DataFileRead in pg_stat_activity.wait_event is the smoking gun. it’s pg pointing at the cooler door and saying “this is where your latency went.”

one slow table blocks the whole restaurant

if someone’s slowly eating at table 7 (long SELECT holding AccessShareLock) and a contractor shows up to repaint table 7 (ALTER TABLE wanting AccessExclusiveLock), the contractor waits.

and then every new customer who wants table 7 lines up behind the contractor—even the ones who’d be done in 2 minutes—because pg’s lock queue is fifo. doesn’t matter that a fresh SELECT only needs AccessShareLock and would be compatible with the running one; it’s behind the ALTER, so it waits.

one slow eater freezes the whole section.

translated: one slow query blocks a migration, and the migration blocks every other query on that table. deploys hang. writes hang. and the worst part is you’ll see the waiting queries in pg_stat_activity and think those are the problem, when really it’s the 3-hour SELECT at the front of the queue.

spilled food keeps spilling

when a query needs more memory than work_mem allows, it spills to disk—hash joins, sorts, ctes, the usual suspects. those temp files live in base/pgsql_tmp on the data volume.

right now those queries get cut off before they finish spilling. without the timeout they finish. and a single bad join can write tens of gigs.

we’ve already had an outage this year from running out of floor space. this is a direct path to another one. and pg_stat_tmp doesn’t alert on “about to fill the disk,” it just fills it. the next thing that happens is pg can’t write wal, replication breaks, and now you’re in a real outage instead of a slow one.

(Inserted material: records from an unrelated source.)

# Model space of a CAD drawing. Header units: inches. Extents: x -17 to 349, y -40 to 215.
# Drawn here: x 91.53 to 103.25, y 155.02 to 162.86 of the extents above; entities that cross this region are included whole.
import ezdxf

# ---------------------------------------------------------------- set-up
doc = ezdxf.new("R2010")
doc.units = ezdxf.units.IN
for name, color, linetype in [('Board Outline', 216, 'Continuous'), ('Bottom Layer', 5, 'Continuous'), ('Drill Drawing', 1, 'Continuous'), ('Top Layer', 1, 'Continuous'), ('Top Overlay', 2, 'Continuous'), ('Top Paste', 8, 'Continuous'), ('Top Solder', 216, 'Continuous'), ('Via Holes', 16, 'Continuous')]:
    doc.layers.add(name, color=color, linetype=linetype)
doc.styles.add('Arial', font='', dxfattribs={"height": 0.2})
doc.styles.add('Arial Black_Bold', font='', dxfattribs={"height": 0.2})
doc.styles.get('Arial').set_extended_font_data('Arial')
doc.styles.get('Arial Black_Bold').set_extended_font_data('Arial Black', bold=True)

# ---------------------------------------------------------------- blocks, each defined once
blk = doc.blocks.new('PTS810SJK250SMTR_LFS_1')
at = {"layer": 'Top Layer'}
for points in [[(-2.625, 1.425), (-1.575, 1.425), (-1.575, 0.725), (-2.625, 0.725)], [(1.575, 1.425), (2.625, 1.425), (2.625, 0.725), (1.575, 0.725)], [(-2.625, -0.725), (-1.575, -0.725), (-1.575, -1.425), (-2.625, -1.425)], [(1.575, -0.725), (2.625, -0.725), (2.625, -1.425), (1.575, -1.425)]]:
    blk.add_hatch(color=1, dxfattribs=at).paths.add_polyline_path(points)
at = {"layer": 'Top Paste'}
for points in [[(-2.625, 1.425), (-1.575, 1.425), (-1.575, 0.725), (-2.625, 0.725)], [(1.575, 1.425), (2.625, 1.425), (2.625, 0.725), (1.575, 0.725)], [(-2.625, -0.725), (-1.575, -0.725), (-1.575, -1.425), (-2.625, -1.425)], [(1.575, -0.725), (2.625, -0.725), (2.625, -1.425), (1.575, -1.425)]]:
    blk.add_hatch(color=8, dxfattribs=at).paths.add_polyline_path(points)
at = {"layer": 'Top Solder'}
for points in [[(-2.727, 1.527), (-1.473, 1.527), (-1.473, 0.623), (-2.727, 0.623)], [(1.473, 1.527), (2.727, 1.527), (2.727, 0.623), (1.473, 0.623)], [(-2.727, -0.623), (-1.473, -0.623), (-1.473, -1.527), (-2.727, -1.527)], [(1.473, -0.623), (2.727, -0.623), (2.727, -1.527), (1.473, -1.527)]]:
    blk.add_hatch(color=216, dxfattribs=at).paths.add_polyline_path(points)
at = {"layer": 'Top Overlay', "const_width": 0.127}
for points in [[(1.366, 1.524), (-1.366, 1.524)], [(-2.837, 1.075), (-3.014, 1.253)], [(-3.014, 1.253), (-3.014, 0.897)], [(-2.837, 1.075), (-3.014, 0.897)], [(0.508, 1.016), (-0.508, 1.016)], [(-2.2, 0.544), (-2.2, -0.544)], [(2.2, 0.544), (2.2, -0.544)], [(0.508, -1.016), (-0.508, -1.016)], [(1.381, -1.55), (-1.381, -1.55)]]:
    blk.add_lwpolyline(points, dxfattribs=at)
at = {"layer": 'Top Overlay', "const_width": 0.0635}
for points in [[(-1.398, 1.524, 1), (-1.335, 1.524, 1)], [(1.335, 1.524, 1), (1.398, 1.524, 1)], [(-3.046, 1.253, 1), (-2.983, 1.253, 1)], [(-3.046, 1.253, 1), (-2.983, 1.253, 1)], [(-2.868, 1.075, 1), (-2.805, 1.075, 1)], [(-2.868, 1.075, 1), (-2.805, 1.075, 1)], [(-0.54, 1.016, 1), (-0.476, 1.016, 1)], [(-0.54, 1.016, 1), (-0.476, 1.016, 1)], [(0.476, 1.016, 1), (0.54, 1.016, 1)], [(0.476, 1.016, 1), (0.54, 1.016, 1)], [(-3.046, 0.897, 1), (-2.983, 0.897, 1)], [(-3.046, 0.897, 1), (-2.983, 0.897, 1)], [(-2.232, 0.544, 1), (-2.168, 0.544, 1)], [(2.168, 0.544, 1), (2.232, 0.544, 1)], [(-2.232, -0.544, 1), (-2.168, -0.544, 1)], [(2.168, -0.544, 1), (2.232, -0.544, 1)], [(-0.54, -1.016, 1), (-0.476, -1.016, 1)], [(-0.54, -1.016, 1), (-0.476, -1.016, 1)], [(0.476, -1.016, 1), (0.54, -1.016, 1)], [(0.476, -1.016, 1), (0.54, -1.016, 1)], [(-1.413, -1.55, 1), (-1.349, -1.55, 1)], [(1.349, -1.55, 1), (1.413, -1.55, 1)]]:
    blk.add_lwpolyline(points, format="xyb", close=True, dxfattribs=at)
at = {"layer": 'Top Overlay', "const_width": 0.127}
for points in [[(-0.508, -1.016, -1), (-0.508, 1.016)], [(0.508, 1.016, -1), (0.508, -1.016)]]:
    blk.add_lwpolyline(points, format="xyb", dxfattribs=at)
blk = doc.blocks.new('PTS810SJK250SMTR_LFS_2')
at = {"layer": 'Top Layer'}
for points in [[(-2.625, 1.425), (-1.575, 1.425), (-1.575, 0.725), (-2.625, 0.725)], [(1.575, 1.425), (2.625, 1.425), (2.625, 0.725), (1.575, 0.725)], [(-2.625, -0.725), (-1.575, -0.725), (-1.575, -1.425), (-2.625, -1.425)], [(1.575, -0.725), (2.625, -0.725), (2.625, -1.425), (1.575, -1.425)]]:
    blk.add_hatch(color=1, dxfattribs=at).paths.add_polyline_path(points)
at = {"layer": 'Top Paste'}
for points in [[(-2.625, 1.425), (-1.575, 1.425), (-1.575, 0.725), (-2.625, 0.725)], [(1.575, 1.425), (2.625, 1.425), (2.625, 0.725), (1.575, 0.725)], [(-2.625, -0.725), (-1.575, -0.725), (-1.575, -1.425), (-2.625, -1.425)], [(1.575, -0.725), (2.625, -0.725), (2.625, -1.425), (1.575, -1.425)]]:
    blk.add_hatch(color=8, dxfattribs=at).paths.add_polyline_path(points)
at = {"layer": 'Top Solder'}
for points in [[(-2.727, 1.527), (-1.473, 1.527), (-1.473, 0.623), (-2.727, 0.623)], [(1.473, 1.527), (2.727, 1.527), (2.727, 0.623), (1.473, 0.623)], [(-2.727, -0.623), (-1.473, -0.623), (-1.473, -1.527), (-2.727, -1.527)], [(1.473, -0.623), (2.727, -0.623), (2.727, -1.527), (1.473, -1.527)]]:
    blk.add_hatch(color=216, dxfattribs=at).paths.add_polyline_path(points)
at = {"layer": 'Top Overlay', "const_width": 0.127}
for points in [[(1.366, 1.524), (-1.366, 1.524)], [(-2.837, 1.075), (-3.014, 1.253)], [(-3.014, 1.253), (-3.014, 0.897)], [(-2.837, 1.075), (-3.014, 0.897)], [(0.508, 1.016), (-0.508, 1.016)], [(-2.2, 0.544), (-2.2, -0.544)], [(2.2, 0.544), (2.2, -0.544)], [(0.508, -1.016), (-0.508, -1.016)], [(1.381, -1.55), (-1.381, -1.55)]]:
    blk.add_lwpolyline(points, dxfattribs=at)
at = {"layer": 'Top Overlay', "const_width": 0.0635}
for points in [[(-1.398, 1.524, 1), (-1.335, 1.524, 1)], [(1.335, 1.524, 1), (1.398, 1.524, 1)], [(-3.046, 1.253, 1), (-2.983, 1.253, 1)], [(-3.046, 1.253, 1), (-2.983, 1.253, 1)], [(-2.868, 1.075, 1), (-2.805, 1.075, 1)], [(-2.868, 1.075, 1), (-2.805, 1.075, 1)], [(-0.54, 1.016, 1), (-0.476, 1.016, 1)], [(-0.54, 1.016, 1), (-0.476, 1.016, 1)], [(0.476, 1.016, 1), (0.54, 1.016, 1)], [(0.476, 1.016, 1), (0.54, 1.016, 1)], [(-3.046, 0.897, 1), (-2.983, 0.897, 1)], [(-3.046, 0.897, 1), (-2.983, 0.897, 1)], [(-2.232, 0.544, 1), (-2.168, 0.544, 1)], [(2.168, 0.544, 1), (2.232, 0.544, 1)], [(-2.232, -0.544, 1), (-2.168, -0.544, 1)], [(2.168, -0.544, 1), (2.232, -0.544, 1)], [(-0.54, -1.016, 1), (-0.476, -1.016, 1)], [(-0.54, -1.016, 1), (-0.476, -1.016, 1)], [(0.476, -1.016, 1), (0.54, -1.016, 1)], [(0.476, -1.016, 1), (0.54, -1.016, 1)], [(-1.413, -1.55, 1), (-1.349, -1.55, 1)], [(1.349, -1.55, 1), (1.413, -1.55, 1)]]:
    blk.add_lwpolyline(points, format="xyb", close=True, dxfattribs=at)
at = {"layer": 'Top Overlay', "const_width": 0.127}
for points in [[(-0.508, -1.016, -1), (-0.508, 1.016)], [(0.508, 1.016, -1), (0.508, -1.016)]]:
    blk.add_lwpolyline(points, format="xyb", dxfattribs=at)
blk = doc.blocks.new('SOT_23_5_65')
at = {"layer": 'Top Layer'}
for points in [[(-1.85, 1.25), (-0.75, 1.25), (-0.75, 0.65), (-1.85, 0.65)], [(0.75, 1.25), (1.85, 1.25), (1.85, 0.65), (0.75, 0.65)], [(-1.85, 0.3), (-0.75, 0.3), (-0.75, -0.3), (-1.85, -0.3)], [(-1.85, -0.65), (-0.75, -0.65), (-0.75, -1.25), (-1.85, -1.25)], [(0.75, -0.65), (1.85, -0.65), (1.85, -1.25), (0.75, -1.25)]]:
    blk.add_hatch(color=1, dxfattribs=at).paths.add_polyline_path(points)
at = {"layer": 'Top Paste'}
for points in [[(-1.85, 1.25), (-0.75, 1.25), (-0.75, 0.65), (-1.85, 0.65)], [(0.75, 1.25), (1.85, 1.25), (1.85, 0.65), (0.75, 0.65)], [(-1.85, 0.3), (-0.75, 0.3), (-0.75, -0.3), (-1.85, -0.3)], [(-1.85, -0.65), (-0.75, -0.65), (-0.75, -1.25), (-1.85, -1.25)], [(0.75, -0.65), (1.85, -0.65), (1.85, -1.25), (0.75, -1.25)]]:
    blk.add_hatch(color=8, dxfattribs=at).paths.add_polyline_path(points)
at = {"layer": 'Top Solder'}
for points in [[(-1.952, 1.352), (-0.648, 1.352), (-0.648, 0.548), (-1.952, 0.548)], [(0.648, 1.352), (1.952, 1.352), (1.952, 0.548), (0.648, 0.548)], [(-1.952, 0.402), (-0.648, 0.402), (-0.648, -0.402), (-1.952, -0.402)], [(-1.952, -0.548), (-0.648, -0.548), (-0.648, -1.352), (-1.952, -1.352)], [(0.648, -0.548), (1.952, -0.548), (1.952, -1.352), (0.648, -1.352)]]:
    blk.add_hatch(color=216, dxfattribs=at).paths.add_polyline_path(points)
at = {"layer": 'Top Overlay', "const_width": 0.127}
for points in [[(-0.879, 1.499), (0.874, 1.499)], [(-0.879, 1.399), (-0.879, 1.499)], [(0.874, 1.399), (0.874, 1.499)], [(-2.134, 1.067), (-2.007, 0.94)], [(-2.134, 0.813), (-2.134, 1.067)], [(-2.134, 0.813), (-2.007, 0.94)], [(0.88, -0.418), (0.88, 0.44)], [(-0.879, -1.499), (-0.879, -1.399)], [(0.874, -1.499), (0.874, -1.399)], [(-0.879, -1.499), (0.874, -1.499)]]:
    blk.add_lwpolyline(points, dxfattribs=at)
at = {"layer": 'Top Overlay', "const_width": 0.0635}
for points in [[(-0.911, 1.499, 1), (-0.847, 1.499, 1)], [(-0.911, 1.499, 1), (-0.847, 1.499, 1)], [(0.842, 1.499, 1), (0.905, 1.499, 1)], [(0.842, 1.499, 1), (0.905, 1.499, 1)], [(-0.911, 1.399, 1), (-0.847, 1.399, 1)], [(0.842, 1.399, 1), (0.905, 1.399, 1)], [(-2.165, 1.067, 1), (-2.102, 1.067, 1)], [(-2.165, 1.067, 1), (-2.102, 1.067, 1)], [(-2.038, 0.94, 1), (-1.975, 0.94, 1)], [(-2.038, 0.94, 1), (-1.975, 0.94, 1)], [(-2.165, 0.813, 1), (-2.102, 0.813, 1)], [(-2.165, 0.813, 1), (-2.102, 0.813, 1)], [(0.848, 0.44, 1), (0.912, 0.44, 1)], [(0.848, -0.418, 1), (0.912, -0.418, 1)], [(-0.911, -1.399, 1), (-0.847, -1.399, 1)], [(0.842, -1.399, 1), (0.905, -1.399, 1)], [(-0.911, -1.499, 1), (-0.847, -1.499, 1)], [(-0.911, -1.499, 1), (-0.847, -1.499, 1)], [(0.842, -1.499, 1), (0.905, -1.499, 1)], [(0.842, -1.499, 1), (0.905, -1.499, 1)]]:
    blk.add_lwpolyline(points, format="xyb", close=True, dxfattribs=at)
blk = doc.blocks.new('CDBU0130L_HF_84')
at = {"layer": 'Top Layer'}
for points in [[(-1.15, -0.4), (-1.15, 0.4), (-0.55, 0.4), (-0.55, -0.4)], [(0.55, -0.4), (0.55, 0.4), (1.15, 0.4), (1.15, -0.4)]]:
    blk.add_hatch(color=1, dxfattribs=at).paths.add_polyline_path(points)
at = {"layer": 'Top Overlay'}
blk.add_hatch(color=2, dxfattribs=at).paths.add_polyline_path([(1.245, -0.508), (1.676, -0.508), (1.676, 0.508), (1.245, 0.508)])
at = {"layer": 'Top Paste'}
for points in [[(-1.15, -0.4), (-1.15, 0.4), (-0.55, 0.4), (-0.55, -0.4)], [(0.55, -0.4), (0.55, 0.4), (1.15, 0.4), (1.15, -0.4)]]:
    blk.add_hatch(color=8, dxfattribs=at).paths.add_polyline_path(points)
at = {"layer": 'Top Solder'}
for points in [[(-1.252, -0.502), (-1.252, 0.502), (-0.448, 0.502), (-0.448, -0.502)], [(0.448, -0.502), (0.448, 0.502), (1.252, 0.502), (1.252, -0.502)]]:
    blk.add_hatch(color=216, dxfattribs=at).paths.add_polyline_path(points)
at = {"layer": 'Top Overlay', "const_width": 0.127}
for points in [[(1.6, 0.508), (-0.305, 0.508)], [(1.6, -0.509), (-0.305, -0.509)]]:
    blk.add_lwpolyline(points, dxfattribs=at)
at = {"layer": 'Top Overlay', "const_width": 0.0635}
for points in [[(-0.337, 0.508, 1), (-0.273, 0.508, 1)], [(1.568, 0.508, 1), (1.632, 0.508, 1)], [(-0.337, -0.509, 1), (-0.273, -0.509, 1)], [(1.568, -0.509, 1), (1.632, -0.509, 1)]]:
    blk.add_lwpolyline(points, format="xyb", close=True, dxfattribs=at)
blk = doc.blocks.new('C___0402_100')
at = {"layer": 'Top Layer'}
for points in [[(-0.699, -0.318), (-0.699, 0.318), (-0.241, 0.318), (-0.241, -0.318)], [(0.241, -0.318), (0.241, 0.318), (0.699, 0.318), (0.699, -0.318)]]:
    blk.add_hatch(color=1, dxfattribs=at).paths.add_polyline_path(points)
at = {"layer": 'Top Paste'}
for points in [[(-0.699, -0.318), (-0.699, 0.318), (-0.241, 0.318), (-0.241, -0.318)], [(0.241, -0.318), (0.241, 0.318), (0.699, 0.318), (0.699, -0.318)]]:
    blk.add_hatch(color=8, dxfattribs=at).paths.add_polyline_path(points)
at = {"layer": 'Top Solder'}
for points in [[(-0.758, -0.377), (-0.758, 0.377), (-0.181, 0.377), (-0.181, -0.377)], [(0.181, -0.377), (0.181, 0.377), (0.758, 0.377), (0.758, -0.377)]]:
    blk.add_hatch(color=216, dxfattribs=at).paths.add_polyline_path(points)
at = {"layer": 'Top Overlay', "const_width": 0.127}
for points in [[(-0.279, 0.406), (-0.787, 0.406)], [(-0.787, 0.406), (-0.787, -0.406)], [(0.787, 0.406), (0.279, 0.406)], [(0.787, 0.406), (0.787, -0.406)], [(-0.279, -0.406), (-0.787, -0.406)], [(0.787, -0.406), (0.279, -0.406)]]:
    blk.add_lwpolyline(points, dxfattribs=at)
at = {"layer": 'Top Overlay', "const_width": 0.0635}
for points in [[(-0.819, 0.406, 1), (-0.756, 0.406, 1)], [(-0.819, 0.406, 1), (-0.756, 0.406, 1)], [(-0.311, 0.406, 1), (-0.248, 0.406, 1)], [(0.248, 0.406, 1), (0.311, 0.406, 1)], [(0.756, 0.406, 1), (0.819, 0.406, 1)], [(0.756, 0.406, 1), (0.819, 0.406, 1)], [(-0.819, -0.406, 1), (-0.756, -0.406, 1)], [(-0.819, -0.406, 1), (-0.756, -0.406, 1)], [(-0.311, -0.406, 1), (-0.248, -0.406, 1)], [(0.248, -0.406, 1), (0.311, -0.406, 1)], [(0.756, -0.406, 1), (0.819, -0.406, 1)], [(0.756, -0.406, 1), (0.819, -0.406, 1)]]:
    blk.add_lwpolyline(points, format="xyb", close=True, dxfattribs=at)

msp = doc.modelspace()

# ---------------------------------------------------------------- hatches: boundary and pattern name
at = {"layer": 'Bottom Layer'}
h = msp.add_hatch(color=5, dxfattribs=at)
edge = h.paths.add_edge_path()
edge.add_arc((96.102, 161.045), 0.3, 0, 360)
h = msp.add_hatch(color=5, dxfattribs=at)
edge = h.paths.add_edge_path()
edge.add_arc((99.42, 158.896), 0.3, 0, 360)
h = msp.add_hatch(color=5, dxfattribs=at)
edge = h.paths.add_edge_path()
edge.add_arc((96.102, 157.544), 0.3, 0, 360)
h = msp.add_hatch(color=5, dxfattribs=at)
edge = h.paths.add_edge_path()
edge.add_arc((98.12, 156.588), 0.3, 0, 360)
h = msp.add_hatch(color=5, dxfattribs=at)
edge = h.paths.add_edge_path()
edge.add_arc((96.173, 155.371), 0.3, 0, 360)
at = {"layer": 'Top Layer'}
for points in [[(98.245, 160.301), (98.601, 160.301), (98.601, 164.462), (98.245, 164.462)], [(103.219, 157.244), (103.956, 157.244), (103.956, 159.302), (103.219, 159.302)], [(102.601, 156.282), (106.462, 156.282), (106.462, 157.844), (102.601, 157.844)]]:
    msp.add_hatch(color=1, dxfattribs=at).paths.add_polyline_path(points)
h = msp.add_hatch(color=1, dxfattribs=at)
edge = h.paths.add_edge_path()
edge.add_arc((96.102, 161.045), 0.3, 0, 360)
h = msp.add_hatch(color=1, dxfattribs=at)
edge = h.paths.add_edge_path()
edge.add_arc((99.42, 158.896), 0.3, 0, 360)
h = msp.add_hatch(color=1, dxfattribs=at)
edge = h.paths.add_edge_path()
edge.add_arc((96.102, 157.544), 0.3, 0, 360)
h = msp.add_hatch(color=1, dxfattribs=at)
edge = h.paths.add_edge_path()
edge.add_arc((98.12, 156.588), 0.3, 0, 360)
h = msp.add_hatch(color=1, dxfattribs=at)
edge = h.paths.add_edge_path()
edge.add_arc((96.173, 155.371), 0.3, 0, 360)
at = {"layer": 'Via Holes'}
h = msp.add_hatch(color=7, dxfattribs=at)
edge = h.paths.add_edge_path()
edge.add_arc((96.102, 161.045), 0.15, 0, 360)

you’re firing the smoke alarm because it keeps going off

right now slow queries show up in sentry as PG::QueryCanceled with a stack trace pointing at the exact line of code. that’s free debugging info—pg is literally telling you which activerecord call is the problem.

turn off the timeout and the alerts disappear because there’s no cancellation to raise. the queries don’t get faster. you just stop seeing them.

and the symptom isn’t gonna be “the bad query is slow,” it’s gonna be “everything is slow,” because the bloat pileup and the cache evictions affect every query touching those tables. way harder to debug at 3am from pg_stat_activity than from a stack trace pointing at the controller action.